В качестве контроля при непрямой реакции использовали мазок токсоплазм с испытуемой и меченой гомологичной и гетерологичной сыворотками; мазок токсоплазм с положительной и меченой гомологичной и гетерологичной сыворотками; мазок токсоплазм с отрицательной и меченой гомологичной и гетерологичной сыворотками.

Рис. 6. Реакция флуоресцирующих антител. Свечение токсоплазм ++++. Феномен «венчика».

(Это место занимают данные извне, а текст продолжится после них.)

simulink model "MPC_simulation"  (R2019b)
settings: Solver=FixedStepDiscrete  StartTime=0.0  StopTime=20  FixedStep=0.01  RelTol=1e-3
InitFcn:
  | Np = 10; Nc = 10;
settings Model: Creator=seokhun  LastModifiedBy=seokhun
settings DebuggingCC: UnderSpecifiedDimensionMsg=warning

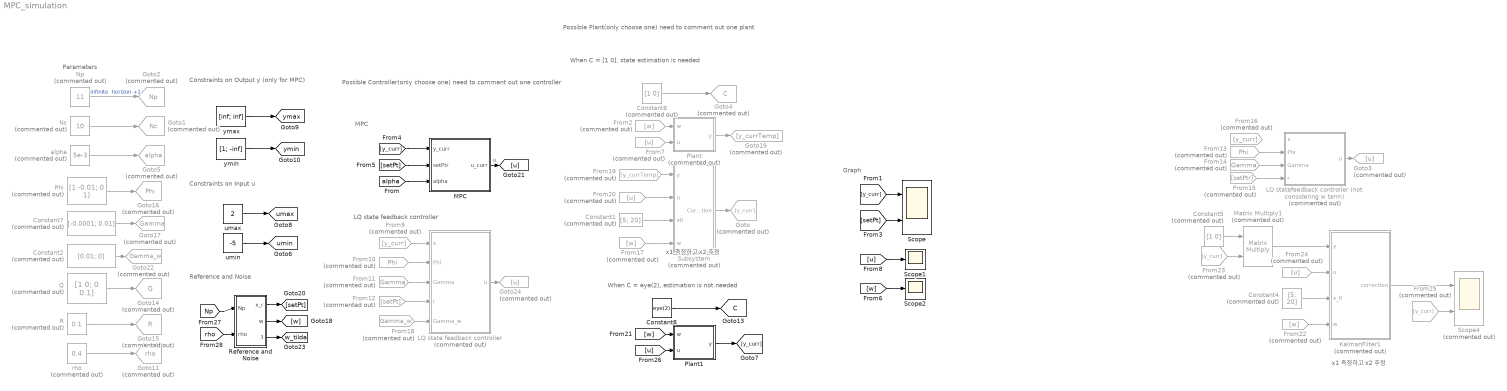
== system MPC_simulation ==
  note: Constraints on Input u
  note: LQ state feedback controller
  note: MPC
  note: Possible Plant(only choose one)
      | need to comment out one plant
  note: When C = eye(2), estimation is not needed
  note: When C = [1 0], state estimation is needed
  note: x1 측정하고 x2 추정
  note: x1 측정하고 x2 추정
  note: Possible Controller(only choose one)
      | need to comment out one controller
  note: Reference and Noise
  note: Parameters
  note: Graph
  note: Constraints on Output y
      | (only for MPC)
  Constant1 : Constant  Commented=on  Value=[5; 20]
  Constant2 : Constant  Commented=on  Value=[0.01; 0]  VectorParams1D=off
  Constant4 : Constant  Commented=on  Value=[5; 20]
  Constant5 : Constant  Commented=on  Value=[1 0]  VectorParams1D=off
  Constant6 : Constant  Commented=on  Value=[1 0]  VectorParams1D=off
  Constant7 : Constant  Commented=on  Value=[-0.0001; 0.01]  VectorParams1D=off
  Constant8 : Constant  Value=eye(2)  VectorParams1D=off
  From10 : From  Commented=on  GotoTag=Phi  TagVisibility=global
  From11 : From  Commented=on  GotoTag=Gamma  TagVisibility=global
  From12 : From  Commented=on  GotoTag=setPt
  From13 : From  Commented=on  GotoTag=Phi  TagVisibility=global
  From14 : From  Commented=on  GotoTag=Gamma  TagVisibility=global
  From15 : From  Commented=on  GotoTag=setPtr
  From{9,16,23,25} (4 alike) : From  Commented=on  GotoTag=y_curr
  From17 : From  Commented=on  GotoTag=w
  From18 : From  Commented=on  GotoTag=Gamma_w  TagVisibility=global
  From19 : From  Commented=on  GotoTag=y_currTemp
  From2 : From  Commented=on  GotoTag=w
  From20 : From  Commented=on  GotoTag=u
  From22 : From  Commented=on  GotoTag=w
  From24 : From  Commented=on  GotoTag=u
  From7 : From  Commented=on  GotoTag=u
  Goto : Goto  Commented=on  GotoTag=y_curr
  Goto1 : Goto  Commented=on  GotoTag=Nc  TagVisibility=global
  Goto11 : Goto  Commented=on  GotoTag=rho  TagVisibility=global
  Goto14 : Goto  Commented=on  GotoTag=Q  TagVisibility=global
  Goto15 : Goto  Commented=on  GotoTag=R  TagVisibility=global
  Goto16 : Goto  Commented=on  GotoTag=Phi  TagVisibility=global
  Goto17 : Goto  Commented=on  GotoTag=Gamma  TagVisibility=global
  Goto19 : Goto  Commented=on  GotoTag=y_currTemp
  Goto2 : Goto  Commented=on  GotoTag=Np  TagVisibility=global
  Goto22 : Goto  Commented=on  GotoTag=Gamma_w  TagVisibility=global
  Goto24 : Goto  Commented=on  GotoTag=u
  Goto3 : Goto  Commented=on  GotoTag=u
  Goto4 : Goto  Commented=on  GotoTag=C  TagVisibility=global
  Goto5 : Goto  Commented=on  GotoTag=alpha  TagVisibility=global
  KalmanFilter1 : MATLAB Function  Commented=on  TreatAsAtomicUnit=on
  LQ state feedback controller : Subsystem  Commented=on
  LQ statefeedback controller (not considering w term) : Subsystem  Commented=on
  MPC : Subsystem
  Matrix Multiply1 : Product  Commented=on  Multiplication=Matrix(*)
  Nc : Constant  Commented=on  Value=10
  Np : Constant  Commented=on  Value=11
  Phi : Constant  Commented=on  Value=[1 -0.01; 0 1]
  Plant : Subsystem  Commented=on
  Plant1 : Subsystem
  Q : Constant  Commented=on  Value=[1 0; 0 0.1]
  R : Constant  Commented=on  Value=0.1  VectorParams1D=off
  Reference and Noise : Subsystem
  Scope : Scope  NumInputPorts=2
  Scope1 : Scope
  Scope2 : Scope
  Scope4 : Scope  Commented=on  NumInputPorts=2
  Subsystem : Subsystem  Commented=on
  alpha : Constant  Commented=on  Value=5e-3
  rho : Constant  Commented=on  Value=0.4
  umax : Constant  Value=2
  umin : Constant  Value=-5
  ymax : Constant  Value=[inf; inf]  VectorParams1D=off
  ymin : Constant  Value=[1; -inf]  VectorParams1D=off
  tag scope: C=global, umax=global, umin=global, w_tilda=global, ymax=global, ymin=global
  wires:
  alpha/1 -> Goto5/1
  Nc/1 -> Goto1/1
  Np/1 -> Goto2/1  "infinite  horizon +1"
  R/1 -> Goto15/1
  Constant8/1 -> [C]
  Phi/1 -> Goto16/1
  Constant7/1 -> Goto17/1
  Q/1 -> Goto14/1
  Reference and Noise/1(x_r) -> [setPt]
  Plant/1(y) -> Goto19/1
  From2/1 -> Plant/1(w)
  [y_curr] -> Scope/1
  [setPt] -> Scope/2
  Reference and Noise/2(w) -> [w]
  [y_curr] -> MPC/1(y_curr)
  [setPt] -> MPC/2(setPtr)
  [alpha] -> MPC/3(alpha)
  [w] -> Scope2/1
  MPC/1(u_curr) -> [u]  "u"
  From7/1 -> Plant/2(u)
  [u] -> Scope1/1
  Constant2/1 -> Goto22/1
  Reference and Noise/3(w_tilda) -> [w_tilda]
  From9/1 -> LQ state feedback controller/1(x)
  From10/1 -> LQ state feedback controller/2(Phi)
  From11/1 -> LQ state feedback controller/3(Gamma)
  From12/1 -> LQ state feedback controller/4(r)
  LQ state feedback controller/1(u) -> Goto24/1
  LQ statefeedback controller (not considering w term)/1(u) -> Goto3/1
  From15/1 -> LQ statefeedback controller (not considering w term)/4(r)
  From14/1 -> LQ statefeedback controller (not considering w term)/3(Gamma)
  From13/1 -> LQ statefeedback controller (not considering w term)/2(Phi)
  From18/1 -> LQ state feedback controller/5(Gamma_w)
  From25/1 -> Scope4/2
  KalmanFilter1/1(correction) -> Scope4/1
  Constant5/1 -> Matrix Multiply1/1
  Matrix Multiply1/1 -> KalmanFilter1/1(y)
  From23/1 -> Matrix Multiply1/2
  From24/1 -> KalmanFilter1/2(u)
  Constant4/1 -> KalmanFilter1/3(x_0)
  From22/1 -> KalmanFilter1/4(w)
  Constant6/1 -> Goto4/1
  [u] -> Plant1/2(u)
  [w] -> Plant1/1(w)
  Plant1/1(y) -> [y_curr]
  From19/1 -> Subsystem/1(y)
  From20/1 -> Subsystem/2(u)
  Constant1/1 -> Subsystem/3(x0)
  From17/1 -> Subsystem/4(w)
  Subsystem/1(Correction) -> Goto/1
  [Np] -> Reference and Noise/1(Np)
  umax/1 -> [umax]
  umin/1 -> [umin]
  ymax/1 -> [ymax]
  ymin/1 -> [ymin]
  [rho] -> Reference and Noise/2(rho)
  rho/1 -> Goto11/1

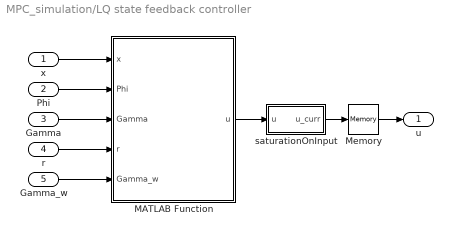
== system MPC_simulation/LQ state feedback controller ==
  x : Inport
  Phi : Inport  Port=2
  Gamma : Inport  Port=3
  r : Inport  Port=4
  Gamma_w : Inport  Port=5
  MATLAB Function : MATLAB Function  TreatAsAtomicUnit=on
  Memory : Memory
  saturationOnInput : Subsystem
  u : Outport
  wires:
  x/1 -> MATLAB Function/1(x)
  saturationOnInput/1(u_curr) -> Memory/1
  Gamma/1 -> MATLAB Function/3(Gamma)
  Memory/1 -> u/1
  r/1 -> MATLAB Function/4(r)
  Phi/1 -> MATLAB Function/2(Phi)
  Gamma_w/1 -> MATLAB Function/5(Gamma_w)
  MATLAB Function/1(u) -> saturationOnInput/1(u)

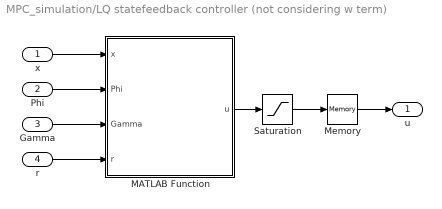
== system MPC_simulation/LQ statefeedback controller (not considering w term) ==
  x : Inport
  Phi : Inport  Port=2
  Gamma : Inport  Port=3
  r : Inport  Port=4
  MATLAB Function : MATLAB Function  TreatAsAtomicUnit=on
  Memory : Memory
  Saturation : Saturate  UpperLimit=2  LowerLimit=-5
  u : Outport
  wires:
  Phi/1 -> MATLAB Function/2(Phi)
  r/1 -> MATLAB Function/4(r)
  Memory/1 -> u/1
  Gamma/1 -> MATLAB Function/3(Gamma)
  Saturation/1 -> Memory/1
  MATLAB Function/1(u) -> Saturation/1
  x/1 -> MATLAB Function/1(x)

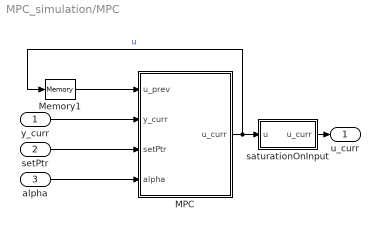
== system MPC_simulation/MPC ==
  y_curr : Inport
  setPtr : Inport  Port=2
  alpha : Inport  Port=3
  MPC : Subsystem
  Memory1 : Memory
  saturationOnInput : Subsystem
  u_curr : Outport
  wires:
  MPC/1(u_curr) -> saturationOnInput/1(u), Memory1/1  "u"
  y_curr/1 -> MPC/2(y_curr)
  alpha/1 -> MPC/4(alpha)
  Memory1/1 -> MPC/1(u_prev)
  setPtr/1 -> MPC/3(setPtr)
  saturationOnInput/1(u_curr) -> u_curr/1

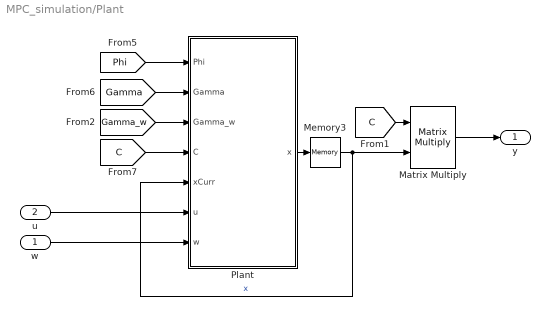
== system MPC_simulation/Plant ==
  w : Inport
  u : Inport  Port=2
  Matrix Multiply : Product  Multiplication=Matrix(*)
  Memory3 : Memory  InitialCondition=[5; 20]
  Plant : MATLAB Function  TreatAsAtomicUnit=on
  y : Outport
  wires:
  Memory3/1 -> Plant/5(xCurr), Matrix Multiply/2  "x"
  u/1 -> Plant/6(u)
  [Gamma] -> Plant/2(Gamma)
  w/1 -> Plant/7(w)
  Plant/1(x) -> Memory3/1
  [C] -> Matrix Multiply/1
  [Phi] -> Plant/1(Phi)
  [C] -> Plant/4(C)
  Matrix Multiply/1 -> y/1
  [Gamma_w] -> Plant/3(Gamma_w)

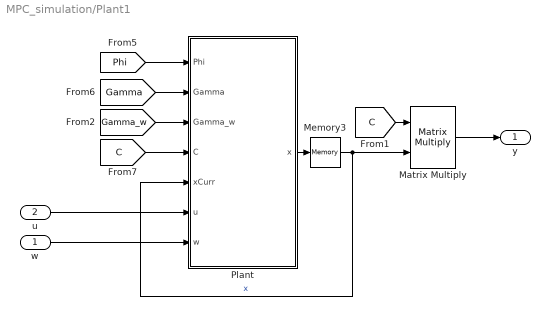
== system MPC_simulation/Plant1 ==
  w : Inport
  u : Inport  Port=2
  Matrix Multiply : Product  Multiplication=Matrix(*)
  Memory3 : Memory  InitialCondition=[5; 20]
  Plant : MATLAB Function  TreatAsAtomicUnit=on
  y : Outport
  wires:
  [Gamma_w] -> Plant/3(Gamma_w)
  Matrix Multiply/1 -> y/1
  [C] -> Plant/4(C)
  [Phi] -> Plant/1(Phi)
  [C] -> Matrix Multiply/1
  Plant/1(x) -> Memory3/1
  w/1 -> Plant/7(w)
  [Gamma] -> Plant/2(Gamma)
  u/1 -> Plant/6(u)
  Memory3/1 -> Matrix Multiply/2, Plant/5(xCurr)  "x"

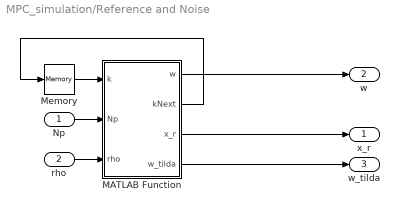
== system MPC_simulation/Reference and Noise ==
  Np : Inport
  rho : Inport  Port=2
  MATLAB Function : MATLAB Function  TreatAsAtomicUnit=on
  Memory : Memory
  x_r : Outport
  w : Outport  Port=2
  w_tilda : Outport  Port=3
  wires:
  MATLAB Function/2(kNext) -> Memory/1
  Memory/1 -> MATLAB Function/1(k)
  MATLAB Function/3(x_r) -> x_r/1
  MATLAB Function/1(w) -> w/1
  MATLAB Function/4(w_tilda) -> w_tilda/1
  Np/1 -> MATLAB Function/2(Np)
  rho/1 -> MATLAB Function/3(rho)

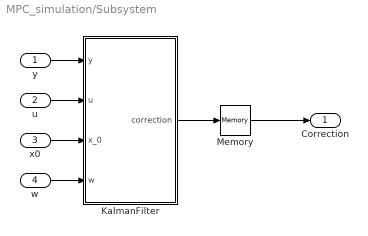
== system MPC_simulation/Subsystem ==
  y : Inport
  u : Inport  Port=2
  x0 : Inport  Port=3
  w : Inport  Port=4
  KalmanFilter : MATLAB Function  TreatAsAtomicUnit=on
  Memory : Memory  InitialCondition=[5; 20]
  Correction : Outport
  wires:
  KalmanFilter/1(correction) -> Memory/1
  x0/1 -> KalmanFilter/3(x_0)
  u/1 -> KalmanFilter/2(u)
  w/1 -> KalmanFilter/4(w)
  y/1 -> KalmanFilter/1(y)
  Memory/1 -> Correction/1

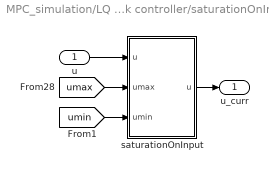
== system MPC_simulation/LQ state feedback controller/saturationOnInput ==
  u : Inport
  saturationOnInput : MATLAB Function  TreatAsAtomicUnit=on
  u_curr : Outport
  wires:
  u/1 -> saturationOnInput/1("u ")
  saturationOnInput/1(u) -> u_curr/1
  [umax] -> saturationOnInput/2(umax)
  [umin] -> saturationOnInput/3(umin)

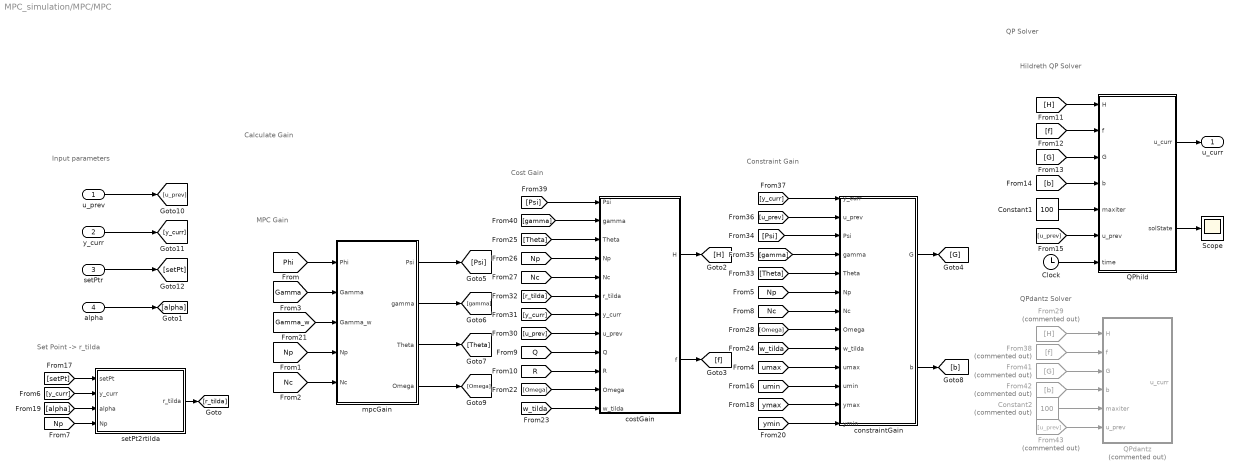
== system MPC_simulation/MPC/MPC ==
  note: QPdantz Solver
  note: Hildreth QP Solver
  note: QP Solver
  note: Set Point -> r_tilda
  note: Cost Gain
  note: Constraint Gain
  note: MPC Gain
  note: Calculate Gain
  note: Input parameters
  u_prev : Inport
  y_curr : Inport  Port=2
  setPtr : Inport  Port=3
  alpha : Inport  Port=4
  Clock : Clock
  Constant1 : Constant  Value=100
  Constant2 : Constant  Commented=on  Value=100
  From29 : From  Commented=on  GotoTag=H
  From38 : From  Commented=on  GotoTag=f
  From41 : From  Commented=on  GotoTag=G
  From42 : From  Commented=on  GotoTag=b
  From43 : From  Commented=on  GotoTag=u_prev
  QPdantz : MATLAB Function  Commented=on  TreatAsAtomicUnit=on
  QPhild : MATLAB Function  TreatAsAtomicUnit=on
  Scope : Scope
  constraintGain : MATLAB Function  TreatAsAtomicUnit=on
  costGain : MATLAB Function  TreatAsAtomicUnit=on
  mpcGain : MATLAB Function  TreatAsAtomicUnit=on
  setPt2rtilda : MATLAB Function  TreatAsAtomicUnit=on
  u_curr : Outport
  wires:
  [Phi] -> mpcGain/1(Phi)
  [Np] -> mpcGain/4(Np)
  mpcGain/1(Psi) -> [Psi]
  [setPt] -> setPt2rtilda/1(setPt)
  u_prev/1 -> [u_prev]
  [Gamma] -> mpcGain/2(Gamma)
  mpcGain/3(Theta) -> [Theta]
  mpcGain/2(gamma) -> [gamma]
  setPtr/1 -> [setPt]
  y_curr/1 -> [y_curr]
  setPt2rtilda/1(r_tilda) -> [r_tilda]
  [y_curr] -> setPt2rtilda/2(y_curr)
  [Np] -> setPt2rtilda/4(Np)
  [alpha] -> setPt2rtilda/3(alpha)
  alpha/1 -> [alpha]
  [Nc] -> mpcGain/5(Nc)
  [Psi] -> constraintGain/3(Psi)
  [u_prev] -> constraintGain/2(u_prev)
  [y_curr] -> constraintGain/1(y_curr)
  [Theta] -> constraintGain/5(Theta)
  [gamma] -> constraintGain/4(gamma)
  [r_tilda] -> costGain/6(r_tilda)
  [u_prev] -> costGain/8(u_prev)
  [Psi] -> costGain/1(Psi)
  [Np] -> costGain/4(Np)
  [y_curr] -> costGain/7(y_curr)
  [Theta] -> costGain/3(Theta)
  [gamma] -> costGain/2(gamma)
  Constant1/1 -> QPhild/5(maxiter)
  [Nc] -> costGain/5(Nc)
  [Np] -> constraintGain/6(Np)
  [Nc] -> constraintGain/7(Nc)
  [Q] -> costGain/9(Q)
  [R] -> costGain/10(R)
  costGain/1(H) -> [H]
  costGain/2(f) -> [f]
  constraintGain/1(G) -> [G]
  constraintGain/2(b) -> [b]
  [H] -> QPhild/1(H)
  [f] -> QPhild/2(f)
  [G] -> QPhild/3(G)
  [b] -> QPhild/4(b)
  [u_prev] -> QPhild/6(u_prev)
  [Gamma_w] -> mpcGain/3(Gamma_w)
  mpcGain/4(Omega) -> [Omega]
  [Omega] -> costGain/11(Omega)
  [w_tilda] -> costGain/12(w_tilda)
  [w_tilda] -> constraintGain/9(w_tilda)
  [Omega] -> constraintGain/8(Omega)
  From42/1 -> QPdantz/4(b)
  From41/1 -> QPdantz/3(G)
  From38/1 -> QPdantz/2(f)
  From29/1 -> QPdantz/1(H)
  Constant2/1 -> QPdantz/5(maxiter)
  From43/1 -> QPdantz/6(u_prev)
  QPhild/1(u_curr) -> u_curr/1
  Clock/1 -> QPhild/7(time)
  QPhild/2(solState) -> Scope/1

При прямом методе использовали мазок токсоплазм с меченной нормальной; препарат с токсоплазмами, обработанный меченной положительной сывороткой, истощённой гомологичным антигеном.

Обработку мазков испытуемыми и мечеными сыворотками в прямой и непрямой реакции проводили общепринятыми методами. В работе использовали микроскоп МЛ-2, светофильтры СЗС-7-2, БС-8-2, ФС -1-2, запирающий Т-211. б) РСК ставили согласно наставлению по применению для диагностики токсоплазмоза животных в РСК № 13-7-2/1107 от 04.12.97. в) Постановка ПЦР осуществляется согласно временного наставления по применению тест-системы для диагностики токсоплазмоза животных методом полимеразной цепной реакции (ТОКС) №13-5-02/0941, ТУ № 9388-097-06-49-41-09-03.

Сравнительное изучение реакции флуоресцирующих антител, полимеразной цепной реакции и копрологического исследования. Для этой цели 2 кошки в возрасте 2-х лет (беспородные) были заражены алиментарным путём эндозоитами штамма « RH». У этих животных брали кровь и фекалии для исследования каждые 7 дней в течение 2-х месяцев.

Изучение токсических свойств химкокцида изучали на белых мышах при алиментарном введении препарата в дозе от 1500,4 до 6000 мг/кг (в объёме от 0,2 до 0,7 мл). Основные параметры токсичности вычисляли по методу Кербера (1931). Кумулятивные свойства химкокцида изучали по методу Lim (1961).

Лечебную эффективность химкокцида изучали на 14 котятах (2 группы по 7 животных) в возрасте 1,5-2 месяца, которых заражали подкожно токсоплазмами штамма «RH» в количестве 50-70 тыс. паразитов.

Котятам 1 группы химкокцид наносили на корень языка однократно в дозе 18 мг/кг; 2 - таким же образом один раз в день в течение 7 дней. Во второй серии опытов 8 котят (2 группы по 4 животных) в возрасте 1,5-2 месяца заражали алиментарным путём суспензией головного мозга мышей, содержащей цисты токсоплазм (маловирулентный штамм «3»). Химкокцид им наносили на корень языка в дозе 24 мг/кг в 1 группе однократно, в 2 - 1 раз в день в течение 7 дней.

Весь цифровой материал, полученный в работе, обрабатывали статистически по Стьюденту. Оценку среднестатистической ошибки проводили по таблице распределения Стьюдента для малых выборок значимости (ЛакинГ.Ф., 1990).

3.2 Результаты собственных исследований 3.2.1 Клинико-эпизоотологический мониторинг токсоплазмоза кошек

В течение 2000-2004 г. в Москве паразитологическому исследованию было подвергнуто 81 кошка различных пород и возраста. У этих животных брали кровь для серологических исследований (РСК, РФА) и фекалии на наличие ооцист токсоплазм. Результаты исследований представлены в таблице 6.